→ **Work task**:
Set down exactly the lines below between the line holding "#59=DIRECTION('',(0.,0.,1.));" and the line holding "#64=VERTEX_POINT('',#63);", inclusive; no other line belongs in the answer.

→ **Record extracts**:
☆ ☆ ☆
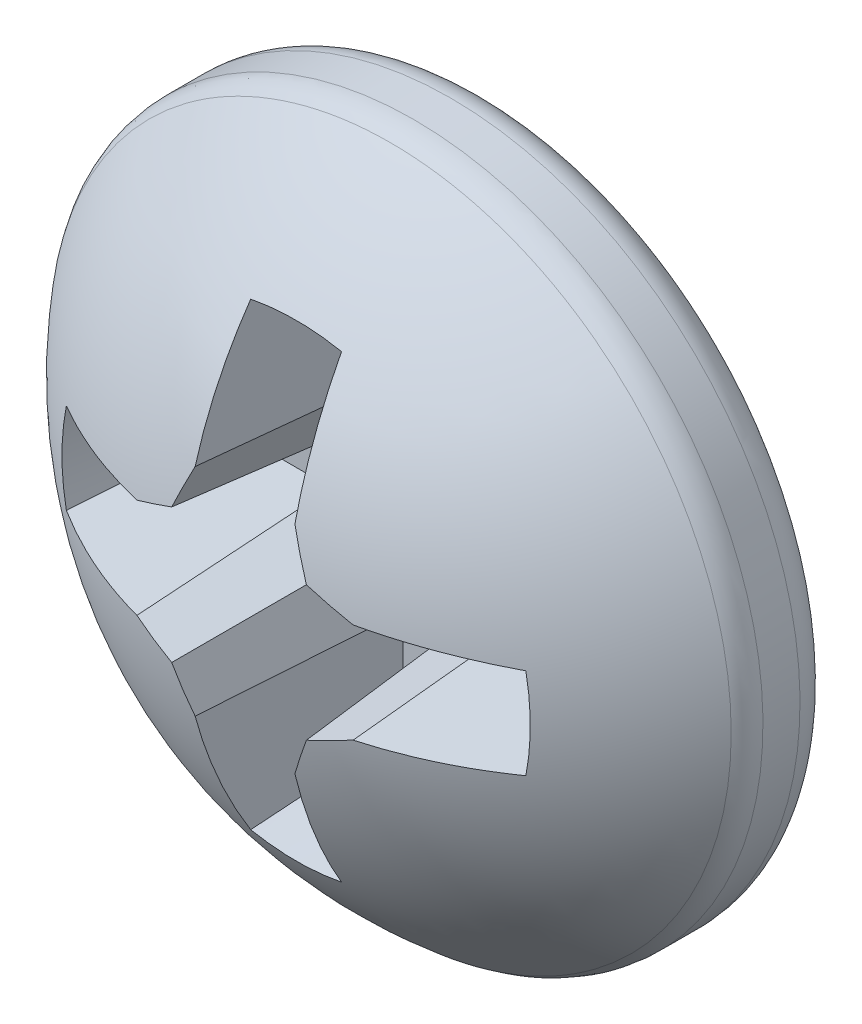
ISO-10303-21;
HEADER;
FILE_DESCRIPTION(('STEP AP214'),'2;1');
FILE_NAME('part.step','',(''),(''),'','','');
FILE_SCHEMA(('AUTOMOTIVE_DESIGN { 1 0 10303 214 1 1 1 1 }'));
ENDSEC;
DATA;
#1=APPLICATION_CONTEXT('core data for automotive mechanical design processes');
#2=APPLICATION_PROTOCOL_DEFINITION('international standard','automotive_design',2000,#1);
#3=PRODUCT_CONTEXT('',#1,'mechanical');
#4=PRODUCT('Part','Part','',(#3));
#5=PRODUCT_RELATED_PRODUCT_CATEGORY('part','',(#4));
#6=PRODUCT_DEFINITION_FORMATION('','',#4);
#7=PRODUCT_DEFINITION_CONTEXT('part definition',#1,'design');
#8=PRODUCT_DEFINITION('design','',#6,#7);
#9=PRODUCT_DEFINITION_SHAPE('','',#8);
#10=(LENGTH_UNIT() NAMED_UNIT(*) SI_UNIT(.MILLI.,.METRE.));
#11=(NAMED_UNIT(*) PLANE_ANGLE_UNIT() SI_UNIT($,.RADIAN.));
#12=(NAMED_UNIT(*) SI_UNIT($,.STERADIAN.) SOLID_ANGLE_UNIT());
#13=UNCERTAINTY_MEASURE_WITH_UNIT(LENGTH_MEASURE(1.E-05),#10,'distance_accuracy_value','');
#14=(GEOMETRIC_REPRESENTATION_CONTEXT(3) GLOBAL_UNCERTAINTY_ASSIGNED_CONTEXT((#13)) GLOBAL_UNIT_ASSIGNED_CONTEXT((#10,
#11,#12)) REPRESENTATION_CONTEXT('',''));
#15=CARTESIAN_POINT('',(0.,0.,0.));
#16=DIRECTION('',(0.,0.,1.));
#17=DIRECTION('',(1.,0.,0.));
#18=AXIS2_PLACEMENT_3D('',#15,#16,#17);
#19=CARTESIAN_POINT('',(0.,0.,2.69621));
#20=DIRECTION('',(0.,0.,-1.));
#21=DIRECTION('',(-1.,0.,0.));
#22=AXIS2_PLACEMENT_3D('',#19,#20,#21);
#23=PLANE('',#22);
#24=DIRECTION('',(0.,1.,0.));
#25=VECTOR('',#24,1.);
#26=CARTESIAN_POINT('',(-0.201485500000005,1.25648782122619,2.69621));
#27=LINE('',#26,#25);
#28=CARTESIAN_POINT('',(-0.201485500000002,0.63627,2.69621));
#29=VERTEX_POINT('',#28);
#30=CARTESIAN_POINT('',(-0.201485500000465,1.25648782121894,2.69621000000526));
#31=VERTEX_POINT('',#30);
#32=EDGE_CURVE('E294',#29,#31,#27,.T.);
#33=ORIENTED_EDGE('',*,*,#32,.F.);
#34=DIRECTION('',(0.382683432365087,0.923879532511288,0.));
#35=VECTOR('',#34,1.);
#36=CARTESIAN_POINT('',(-0.201485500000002,0.63627,2.69621));
#37=LINE('',#36,#35);
#38=CARTESIAN_POINT('',(-0.328830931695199,0.328830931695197,2.69621));
#39=VERTEX_POINT('',#38);
#40=EDGE_CURVE('E295',#39,#29,#37,.T.);
#41=ORIENTED_EDGE('',*,*,#40,.F.);
#42=DIRECTION('',(0.923879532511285,0.382683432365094,0.));
#43=VECTOR('',#42,1.);
#44=CARTESIAN_POINT('',(-0.328830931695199,0.328830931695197,2.69621));
#45=LINE('',#44,#43);
#46=CARTESIAN_POINT('',(-0.636270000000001,0.201485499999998,2.69621));
#47=VERTEX_POINT('',#46);
#48=EDGE_CURVE('E302',#47,#39,#45,.T.);
#49=ORIENTED_EDGE('',*,*,#48,.F.);
#50=DIRECTION('',(1.,0.,0.));
#51=VECTOR('',#50,1.);
#52=CARTESIAN_POINT('',(-1.2564878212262,0.201485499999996,2.69621));
#53=LINE('',#52,#51);
#54=CARTESIAN_POINT('',(-1.25648782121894,0.201485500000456,2.69621000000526));
#55=VERTEX_POINT('',#54);
#56=EDGE_CURVE('E309',#55,#47,#53,.T.);
#57=ORIENTED_EDGE('',*,*,#56,.F.);
#58=CARTESIAN_POINT('',(0.,0.,2.69621000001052));
#59=DIRECTION('',(0.,0.,1.));
#60=DIRECTION('',(1.,0.,0.));
#61=AXIS2_PLACEMENT_3D('',#58,#59,#60);
#62=CIRCLE('',#61,1.27253999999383);
#63=CARTESIAN_POINT('',(-1.25648782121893,-0.201485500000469,2.69621000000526));
#64=VERTEX_POINT('',#63);
#65=EDGE_CURVE('E397',#55,#64,#62,.T.);
#66=ORIENTED_EDGE('',*,*,#65,.T.);
#67=DIRECTION('',(1.,0.,0.));
#68=VECTOR('',#67,1.);
#69=CARTESIAN_POINT('',(-1.25648782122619,-0.201485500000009,2.69621));
#70=LINE('',#69,#68);
#71=CARTESIAN_POINT('',(-0.636269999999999,-0.201485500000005,2.69621));
#72=VERTEX_POINT('',#71);
#73=EDGE_CURVE('E316',#72,#64,#70,.F.);
#74=ORIENTED_EDGE('',*,*,#73,.F.);
#75=DIRECTION('',(-0.923879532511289,0.382683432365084,0.));
#76=VECTOR('',#75,1.);
#77=CARTESIAN_POINT('',(-0.636269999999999,-0.201485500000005,2.69621));
#78=LINE('',#77,#76);
#79=CARTESIAN_POINT('',(-0.328830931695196,-0.3288309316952,2.69621));
#80=VERTEX_POINT('',#79);
#81=EDGE_CURVE('E317',#80,#72,#78,.T.);
#82=ORIENTED_EDGE('',*,*,#81,.F.);
#83=DIRECTION('',(-0.382683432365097,0.923879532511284,0.));
#84=VECTOR('',#83,1.);
#85=CARTESIAN_POINT('',(-0.328830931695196,-0.3288309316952,2.69621));
#86=LINE('',#85,#84);
#87=CARTESIAN_POINT('',(-0.201485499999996,-0.636270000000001,2.69621));
#88=VERTEX_POINT('',#87);
#89=EDGE_CURVE('E324',#88,#80,#86,.T.);
#90=ORIENTED_EDGE('',*,*,#89,.F.);
#91=DIRECTION('',(0.,1.,0.));
#92=VECTOR('',#91,1.);
#93=CARTESIAN_POINT('',(-0.201485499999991,-1.2564878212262,2.69621));
#94=LINE('',#93,#92);
#95=CARTESIAN_POINT('',(-0.201485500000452,-1.25648782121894,2.69621000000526));
#96=VERTEX_POINT('',#95);
#97=EDGE_CURVE('E331',#96,#88,#94,.T.);
#98=ORIENTED_EDGE('',*,*,#97,.F.);
#99=CARTESIAN_POINT('',(0.,0.,2.69621000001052));
#100=DIRECTION('',(0.,0.,1.));
#101=DIRECTION('',(1.,0.,0.));
#102=AXIS2_PLACEMENT_3D('',#99,#100,#101);
#103=CIRCLE('',#102,1.27253999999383);
#104=CARTESIAN_POINT('',(0.201485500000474,-1.25648782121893,2.69621000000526));
#105=VERTEX_POINT('',#104);
#106=EDGE_CURVE('E213',#96,#105,#103,.T.);
#107=ORIENTED_EDGE('',*,*,#106,.T.);
#108=DIRECTION('',(0.,1.,0.));
#109=VECTOR('',#108,1.);
#110=CARTESIAN_POINT('',(0.201485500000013,-1.25648782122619,2.69621));
#111=LINE('',#110,#109);
#112=CARTESIAN_POINT('',(0.201485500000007,-0.636269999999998,2.69621));
#113=VERTEX_POINT('',#112);
#114=EDGE_CURVE('E217',#113,#105,#111,.F.);
#115=ORIENTED_EDGE('',*,*,#114,.F.);
#116=DIRECTION('',(-0.382683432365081,-0.923879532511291,0.));
#117=VECTOR('',#116,1.);
#118=CARTESIAN_POINT('',(0.201485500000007,-0.636269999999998,2.69621));
#119=LINE('',#118,#117);
#120=CARTESIAN_POINT('',(0.328830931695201,-0.328830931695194,2.69621));
#121=VERTEX_POINT('',#120);
#122=EDGE_CURVE('E338',#121,#113,#119,.T.);
#123=ORIENTED_EDGE('',*,*,#122,.F.);
#124=DIRECTION('',(-0.923879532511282,-0.382683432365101,0.));
#125=VECTOR('',#124,1.);
#126=CARTESIAN_POINT('',(0.328830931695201,-0.328830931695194,2.69621));
#127=LINE('',#126,#125);
#128=CARTESIAN_POINT('',(0.636270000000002,-0.201485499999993,2.69621));
#129=VERTEX_POINT('',#128);
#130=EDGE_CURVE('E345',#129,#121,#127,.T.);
☆ ☆ ☆
→ **Completed task**:
#59=DIRECTION('',(0.,0.,1.));
#60=DIRECTION('',(1.,0.,0.));
#61=AXIS2_PLACEMENT_3D('',#58,#59,#60);
#62=CIRCLE('',#61,1.27253999999383);
#63=CARTESIAN_POINT('',(-1.25648782121893,-0.201485500000469,2.69621000000526));
#64=VERTEX_POINT('',#63);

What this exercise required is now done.